Exercise
In your copy of the data below, reproduce every entry exactly and omit the pictures.
===== Data provided =====
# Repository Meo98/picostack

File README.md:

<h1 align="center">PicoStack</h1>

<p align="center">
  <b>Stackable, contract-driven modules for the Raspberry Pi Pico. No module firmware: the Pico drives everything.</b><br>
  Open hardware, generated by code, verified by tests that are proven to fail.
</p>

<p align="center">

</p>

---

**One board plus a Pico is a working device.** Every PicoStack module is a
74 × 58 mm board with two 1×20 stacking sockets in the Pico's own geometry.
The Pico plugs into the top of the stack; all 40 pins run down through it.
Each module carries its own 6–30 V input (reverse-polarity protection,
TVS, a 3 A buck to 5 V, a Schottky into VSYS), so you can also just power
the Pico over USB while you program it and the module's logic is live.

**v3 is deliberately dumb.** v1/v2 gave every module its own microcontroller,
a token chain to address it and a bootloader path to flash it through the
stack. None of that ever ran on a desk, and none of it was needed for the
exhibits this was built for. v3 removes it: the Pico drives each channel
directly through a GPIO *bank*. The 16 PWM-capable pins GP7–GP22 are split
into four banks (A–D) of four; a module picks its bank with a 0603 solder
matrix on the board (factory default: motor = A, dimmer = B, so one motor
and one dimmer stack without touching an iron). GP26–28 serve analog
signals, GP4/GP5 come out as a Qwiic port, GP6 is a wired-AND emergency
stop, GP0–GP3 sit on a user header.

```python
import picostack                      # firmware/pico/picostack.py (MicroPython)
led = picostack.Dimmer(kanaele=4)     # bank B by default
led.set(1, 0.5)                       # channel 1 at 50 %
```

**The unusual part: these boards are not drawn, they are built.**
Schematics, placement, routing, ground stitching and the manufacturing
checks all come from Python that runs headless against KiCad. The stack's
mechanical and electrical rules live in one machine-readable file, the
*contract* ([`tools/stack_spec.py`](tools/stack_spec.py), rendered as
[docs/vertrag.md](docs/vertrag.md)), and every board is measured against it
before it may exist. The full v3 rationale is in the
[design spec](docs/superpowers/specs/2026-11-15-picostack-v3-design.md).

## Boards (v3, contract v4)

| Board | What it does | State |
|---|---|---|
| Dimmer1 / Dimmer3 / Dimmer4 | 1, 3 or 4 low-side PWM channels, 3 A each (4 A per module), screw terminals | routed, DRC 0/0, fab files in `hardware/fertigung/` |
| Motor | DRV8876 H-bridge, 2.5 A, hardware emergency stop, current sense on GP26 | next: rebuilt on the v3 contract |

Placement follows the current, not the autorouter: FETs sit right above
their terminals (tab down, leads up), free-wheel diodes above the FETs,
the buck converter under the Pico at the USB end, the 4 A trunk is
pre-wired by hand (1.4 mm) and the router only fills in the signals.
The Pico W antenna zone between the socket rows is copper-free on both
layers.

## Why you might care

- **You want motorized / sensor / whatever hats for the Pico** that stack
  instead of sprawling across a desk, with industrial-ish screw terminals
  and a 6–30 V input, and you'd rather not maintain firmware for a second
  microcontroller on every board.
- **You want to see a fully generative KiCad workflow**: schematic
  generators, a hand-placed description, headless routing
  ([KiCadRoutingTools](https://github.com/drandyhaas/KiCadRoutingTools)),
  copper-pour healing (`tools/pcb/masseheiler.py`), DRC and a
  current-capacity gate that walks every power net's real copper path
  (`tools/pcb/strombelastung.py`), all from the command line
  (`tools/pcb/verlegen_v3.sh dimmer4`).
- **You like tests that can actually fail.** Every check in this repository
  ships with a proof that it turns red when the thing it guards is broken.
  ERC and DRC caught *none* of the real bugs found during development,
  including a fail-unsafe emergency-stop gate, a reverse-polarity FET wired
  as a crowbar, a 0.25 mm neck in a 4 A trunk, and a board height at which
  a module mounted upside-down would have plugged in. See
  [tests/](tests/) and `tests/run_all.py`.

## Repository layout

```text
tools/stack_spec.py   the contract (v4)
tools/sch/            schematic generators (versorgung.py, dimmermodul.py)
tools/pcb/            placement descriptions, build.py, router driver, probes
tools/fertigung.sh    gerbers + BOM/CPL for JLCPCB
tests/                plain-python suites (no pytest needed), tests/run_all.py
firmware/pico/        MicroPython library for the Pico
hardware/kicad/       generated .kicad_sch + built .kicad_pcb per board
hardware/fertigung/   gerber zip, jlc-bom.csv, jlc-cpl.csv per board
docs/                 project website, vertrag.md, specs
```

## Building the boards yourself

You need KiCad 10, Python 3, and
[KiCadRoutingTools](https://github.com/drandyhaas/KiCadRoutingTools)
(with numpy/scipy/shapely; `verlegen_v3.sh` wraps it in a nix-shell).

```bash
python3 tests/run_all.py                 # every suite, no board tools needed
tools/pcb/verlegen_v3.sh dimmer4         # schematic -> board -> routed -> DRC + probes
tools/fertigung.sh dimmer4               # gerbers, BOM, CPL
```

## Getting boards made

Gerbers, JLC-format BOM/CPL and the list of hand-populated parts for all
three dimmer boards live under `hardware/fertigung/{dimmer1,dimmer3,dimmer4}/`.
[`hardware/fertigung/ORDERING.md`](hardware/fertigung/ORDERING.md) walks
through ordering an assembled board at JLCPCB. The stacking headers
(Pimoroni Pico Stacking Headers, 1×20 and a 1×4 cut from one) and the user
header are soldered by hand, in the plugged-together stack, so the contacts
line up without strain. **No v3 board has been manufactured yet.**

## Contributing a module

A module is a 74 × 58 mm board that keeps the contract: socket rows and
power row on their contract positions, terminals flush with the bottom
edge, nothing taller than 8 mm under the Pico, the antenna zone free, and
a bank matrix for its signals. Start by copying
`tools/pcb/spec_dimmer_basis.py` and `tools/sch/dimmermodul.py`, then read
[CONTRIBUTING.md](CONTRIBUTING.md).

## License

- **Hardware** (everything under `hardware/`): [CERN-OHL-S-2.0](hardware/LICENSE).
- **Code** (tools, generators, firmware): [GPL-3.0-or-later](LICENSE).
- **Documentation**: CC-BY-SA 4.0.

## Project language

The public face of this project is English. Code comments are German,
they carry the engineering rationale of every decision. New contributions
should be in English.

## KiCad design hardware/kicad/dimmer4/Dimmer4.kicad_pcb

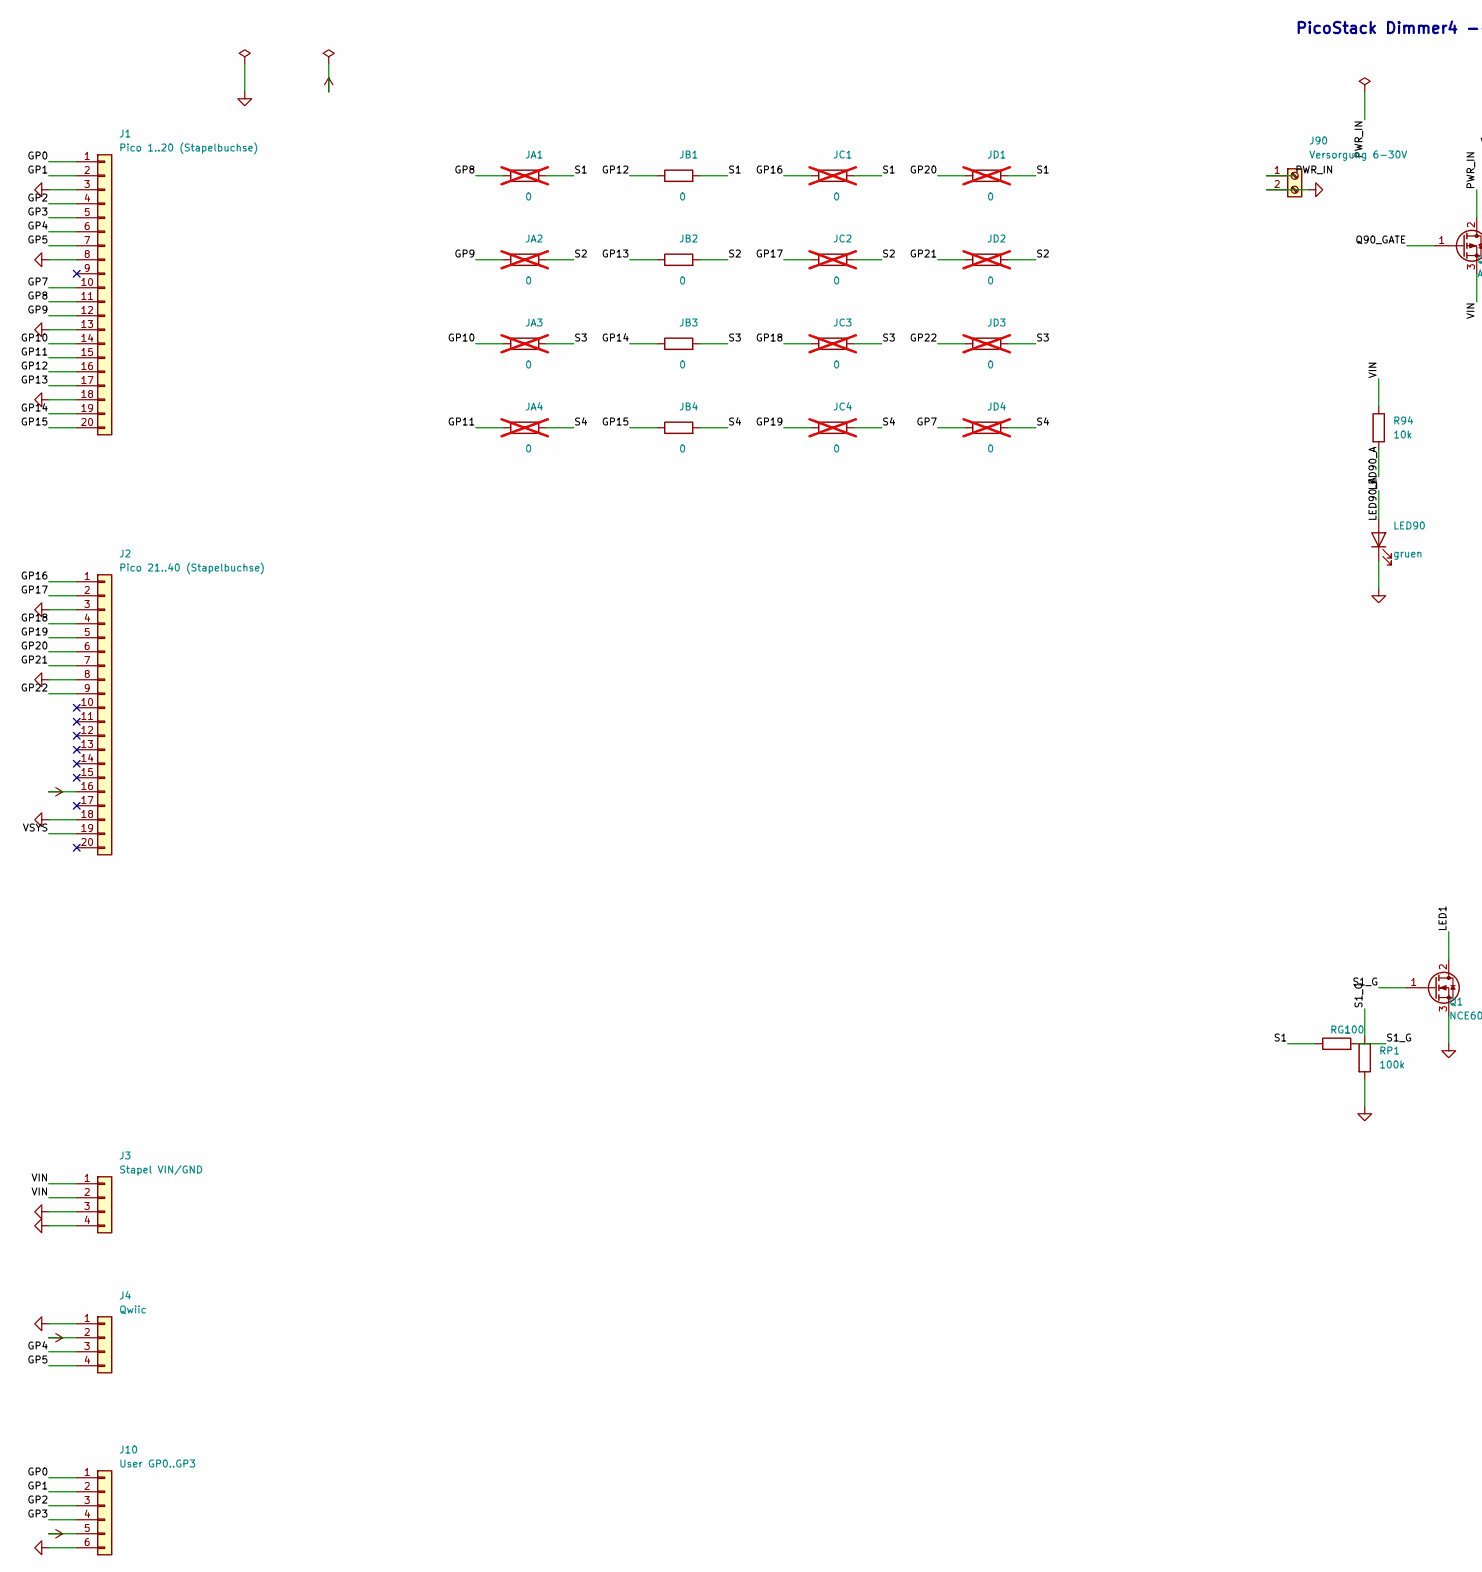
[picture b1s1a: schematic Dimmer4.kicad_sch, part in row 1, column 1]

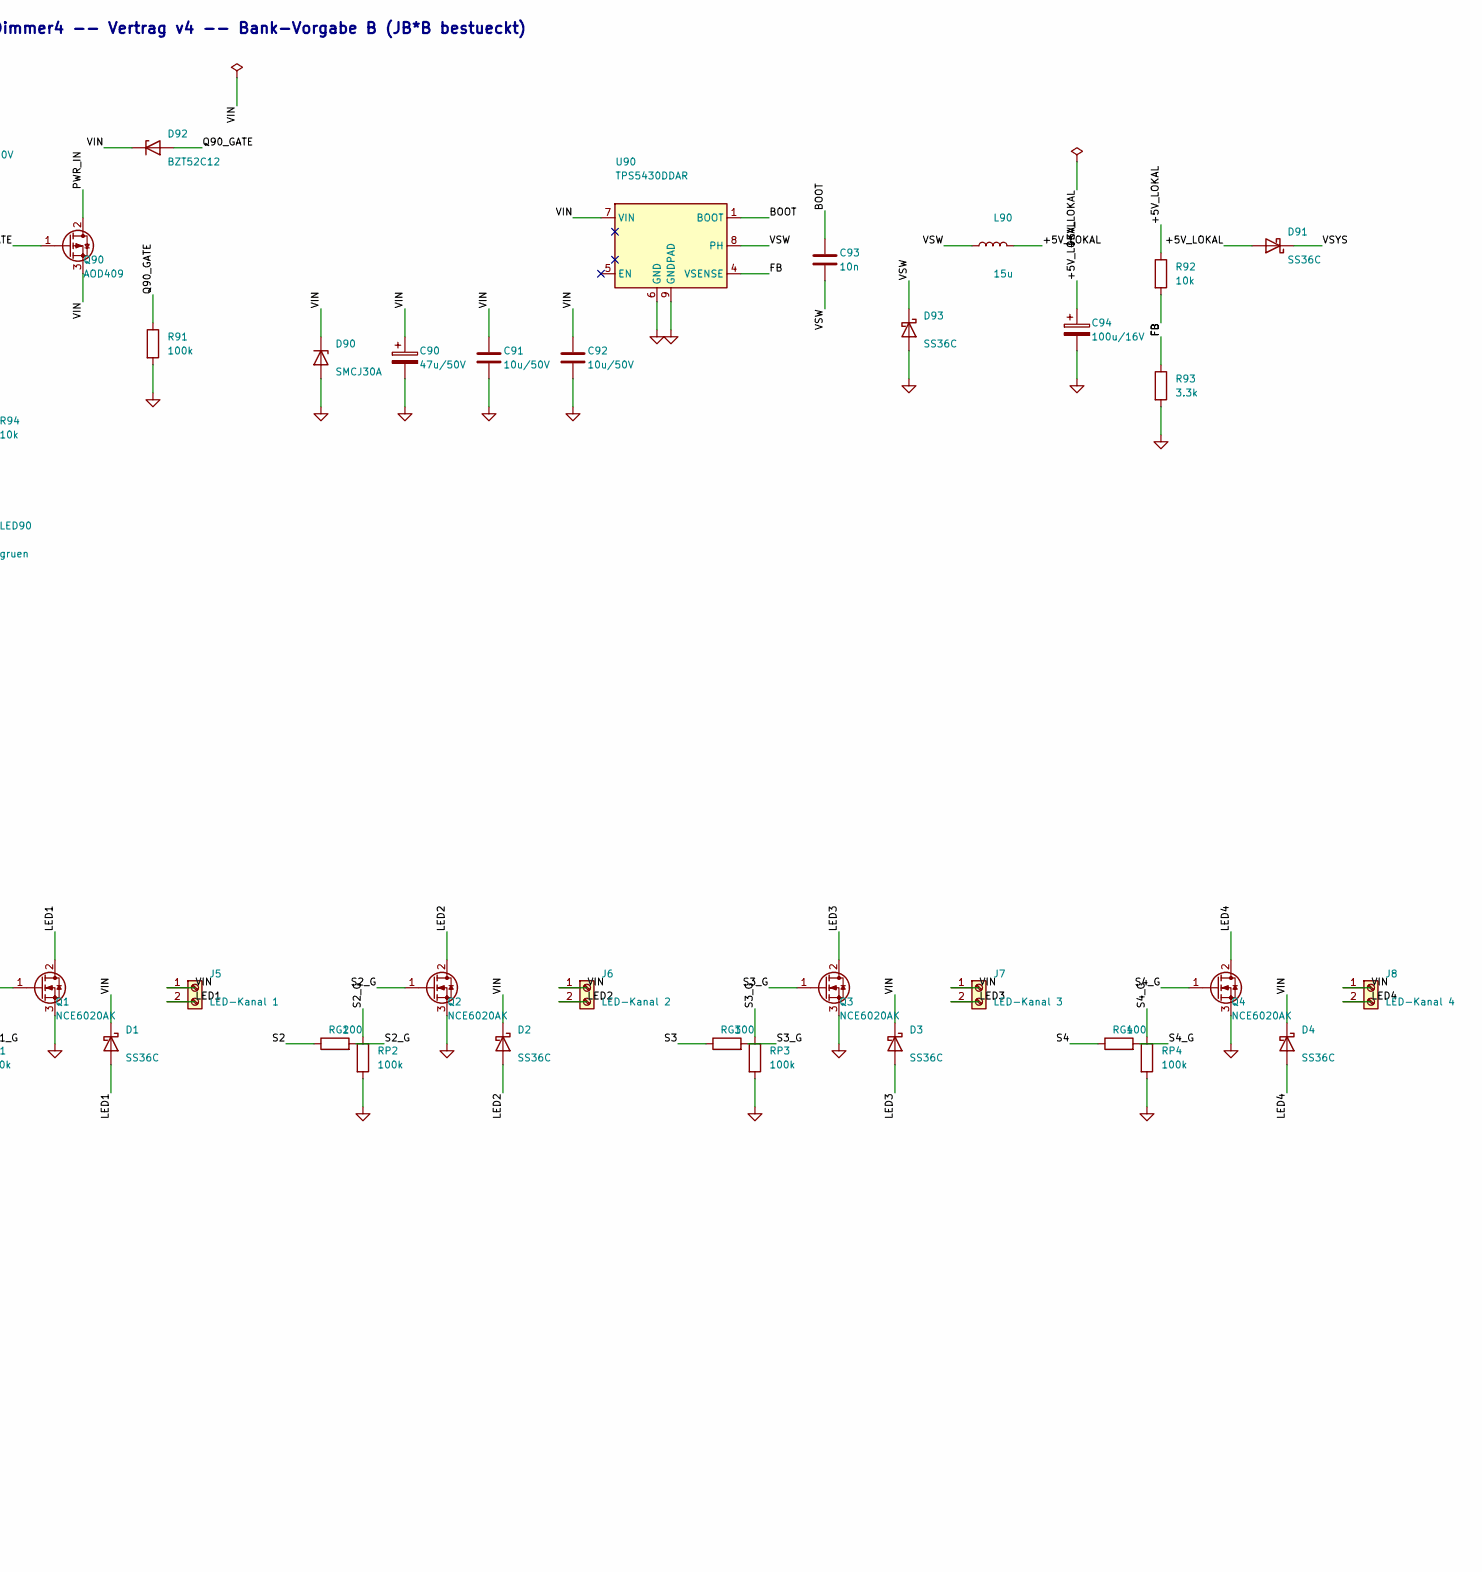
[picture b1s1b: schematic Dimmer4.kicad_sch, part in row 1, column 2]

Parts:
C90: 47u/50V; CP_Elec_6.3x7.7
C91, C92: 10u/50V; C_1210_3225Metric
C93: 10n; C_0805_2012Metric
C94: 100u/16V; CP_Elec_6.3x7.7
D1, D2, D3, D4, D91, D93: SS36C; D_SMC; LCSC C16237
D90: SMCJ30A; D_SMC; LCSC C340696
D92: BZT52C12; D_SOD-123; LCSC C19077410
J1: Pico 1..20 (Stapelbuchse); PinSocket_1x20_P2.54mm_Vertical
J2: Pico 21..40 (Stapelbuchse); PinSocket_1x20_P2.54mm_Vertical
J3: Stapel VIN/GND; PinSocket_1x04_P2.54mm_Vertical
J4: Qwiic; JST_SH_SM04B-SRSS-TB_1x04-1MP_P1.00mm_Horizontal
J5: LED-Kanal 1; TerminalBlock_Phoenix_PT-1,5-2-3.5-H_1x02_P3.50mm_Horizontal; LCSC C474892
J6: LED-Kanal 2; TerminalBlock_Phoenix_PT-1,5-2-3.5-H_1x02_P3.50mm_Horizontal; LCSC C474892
=====
Solution
# Repository Meo98/picostack

File README.md:

<h1 align="center">PicoStack</h1>

<p align="center">
  <b>Stackable, contract-driven modules for the Raspberry Pi Pico. No module firmware: the Pico drives everything.</b><br>
  Open hardware, generated by code, verified by tests that are proven to fail.
</p>

<p align="center">

</p>

---

**One board plus a Pico is a working device.** Every PicoStack module is a
74 × 58 mm board with two 1×20 stacking sockets in the Pico's own geometry.
The Pico plugs into the top of the stack; all 40 pins run down through it.
Each module carries its own 6–30 V input (reverse-polarity protection,
TVS, a 3 A buck to 5 V, a Schottky into VSYS), so you can also just power
the Pico over USB while you program it and the module's logic is live.

**v3 is deliberately dumb.** v1/v2 gave every module its own microcontroller,
a token chain to address it and a bootloader path to flash it through the
stack. None of that ever ran on a desk, and none of it was needed for the
exhibits this was built for. v3 removes it: the Pico drives each channel
directly through a GPIO *bank*. The 16 PWM-capable pins GP7–GP22 are split
into four banks (A–D) of four; a module picks its bank with a 0603 solder
matrix on the board (factory default: motor = A, dimmer = B, so one motor
and one dimmer stack without touching an iron). GP26–28 serve analog
signals, GP4/GP5 come out as a Qwiic port, GP6 is a wired-AND emergency
stop, GP0–GP3 sit on a user header.

```python
import picostack                      # firmware/pico/picostack.py (MicroPython)
led = picostack.Dimmer(kanaele=4)     # bank B by default
led.set(1, 0.5)                       # channel 1 at 50 %
```

**The unusual part: these boards are not drawn, they are built.**
Schematics, placement, routing, ground stitching and the manufacturing
checks all come from Python that runs headless against KiCad. The stack's
mechanical and electrical rules live in one machine-readable file, the
*contract* ([`tools/stack_spec.py`](tools/stack_spec.py), rendered as
[docs/vertrag.md](docs/vertrag.md)), and every board is measured against it
before it may exist. The full v3 rationale is in the
[design spec](docs/superpowers/specs/2026-11-15-picostack-v3-design.md).

## Boards (v3, contract v4)

| Board | What it does | State |
|---|---|---|
| Dimmer1 / Dimmer3 / Dimmer4 | 1, 3 or 4 low-side PWM channels, 3 A each (4 A per module), screw terminals | routed, DRC 0/0, fab files in `hardware/fertigung/` |
| Motor | DRV8876 H-bridge, 2.5 A, hardware emergency stop, current sense on GP26 | next: rebuilt on the v3 contract |

Placement follows the current, not the autorouter: FETs sit right above
their terminals (tab down, leads up), free-wheel diodes above the FETs,
the buck converter under the Pico at the USB end, the 4 A trunk is
pre-wired by hand (1.4 mm) and the router only fills in the signals.
The Pico W antenna zone between the socket rows is copper-free on both
layers.

## Why you might care

- **You want motorized / sensor / whatever hats for the Pico** that stack
  instead of sprawling across a desk, with industrial-ish screw terminals
  and a 6–30 V input, and you'd rather not maintain firmware for a second
  microcontroller on every board.
- **You want to see a fully generative KiCad workflow**: schematic
  generators, a hand-placed description, headless routing
  ([KiCadRoutingTools](https://github.com/drandyhaas/KiCadRoutingTools)),
  copper-pour healing (`tools/pcb/masseheiler.py`), DRC and a
  current-capacity gate that walks every power net's real copper path
  (`tools/pcb/strombelastung.py`), all from the command line
  (`tools/pcb/verlegen_v3.sh dimmer4`).
- **You like tests that can actually fail.** Every check in this repository
  ships with a proof that it turns red when the thing it guards is broken.
  ERC and DRC caught *none* of the real bugs found during development,
  including a fail-unsafe emergency-stop gate, a reverse-polarity FET wired
  as a crowbar, a 0.25 mm neck in a 4 A trunk, and a board height at which
  a module mounted upside-down would have plugged in. See
  [tests/](tests/) and `tests/run_all.py`.

## Repository layout

```text
tools/stack_spec.py   the contract (v4)
tools/sch/            schematic generators (versorgung.py, dimmermodul.py)
tools/pcb/            placement descriptions, build.py, router driver, probes
tools/fertigung.sh    gerbers + BOM/CPL for JLCPCB
tests/                plain-python suites (no pytest needed), tests/run_all.py
firmware/pico/        MicroPython library for the Pico
hardware/kicad/       generated .kicad_sch + built .kicad_pcb per board
hardware/fertigung/   gerber zip, jlc-bom.csv, jlc-cpl.csv per board
docs/                 project website, vertrag.md, specs
```

## Building the boards yourself

You need KiCad 10, Python 3, and
[KiCadRoutingTools](https://github.com/drandyhaas/KiCadRoutingTools)
(with numpy/scipy/shapely; `verlegen_v3.sh` wraps it in a nix-shell).

```bash
python3 tests/run_all.py                 # every suite, no board tools needed
tools/pcb/verlegen_v3.sh dimmer4         # schematic -> board -> routed -> DRC + probes
tools/fertigung.sh dimmer4               # gerbers, BOM, CPL
```

## Getting boards made

Gerbers, JLC-format BOM/CPL and the list of hand-populated parts for all
three dimmer boards live under `hardware/fertigung/{dimmer1,dimmer3,dimmer4}/`.
[`hardware/fertigung/ORDERING.md`](hardware/fertigung/ORDERING.md) walks
through ordering an assembled board at JLCPCB. The stacking headers
(Pimoroni Pico Stacking Headers, 1×20 and a 1×4 cut from one) and the user
header are soldered by hand, in the plugged-together stack, so the contacts
line up without strain. **No v3 board has been manufactured yet.**

## Contributing a module

A module is a 74 × 58 mm board that keeps the contract: socket rows and
power row on their contract positions, terminals flush with the bottom
edge, nothing taller than 8 mm under the Pico, the antenna zone free, and
a bank matrix for its signals. Start by copying
`tools/pcb/spec_dimmer_basis.py` and `tools/sch/dimmermodul.py`, then read
[CONTRIBUTING.md](CONTRIBUTING.md).

## License

- **Hardware** (everything under `hardware/`): [CERN-OHL-S-2.0](hardware/LICENSE).
- **Code** (tools, generators, firmware): [GPL-3.0-or-later](LICENSE).
- **Documentation**: CC-BY-SA 4.0.

## Project language

The public face of this project is English. Code comments are German,
they carry the engineering rationale of every decision. New contributions
should be in English.

## KiCad design hardware/kicad/dimmer4/Dimmer4.kicad_pcb

[picture b1s1a: schematic Dimmer4.kicad_sch, part in row 1, column 1]

[picture b1s1b: schematic Dimmer4.kicad_sch, part in row 1, column 2]

Parts:
C90: 47u/50V; CP_Elec_6.3x7.7
C91, C92: 10u/50V; C_1210_3225Metric
C93: 10n; C_0805_2012Metric
C94: 100u/16V; CP_Elec_6.3x7.7
D1, D2, D3, D4, D91, D93: SS36C; D_SMC; LCSC C16237
D90: SMCJ30A; D_SMC; LCSC C340696
D92: BZT52C12; D_SOD-123; LCSC C19077410
J1: Pico 1..20 (Stapelbuchse); PinSocket_1x20_P2.54mm_Vertical
J2: Pico 21..40 (Stapelbuchse); PinSocket_1x20_P2.54mm_Vertical
J3: Stapel VIN/GND; PinSocket_1x04_P2.54mm_Vertical
J4: Qwiic; JST_SH_SM04B-SRSS-TB_1x04-1MP_P1.00mm_Horizontal
J5: LED-Kanal 1; TerminalBlock_Phoenix_PT-1,5-2-3.5-H_1x02_P3.50mm_Horizontal; LCSC C474892
J6: LED-Kanal 2; TerminalBlock_Phoenix_PT-1,5-2-3.5-H_1x02_P3.50mm_Horizontal; LCSC C474892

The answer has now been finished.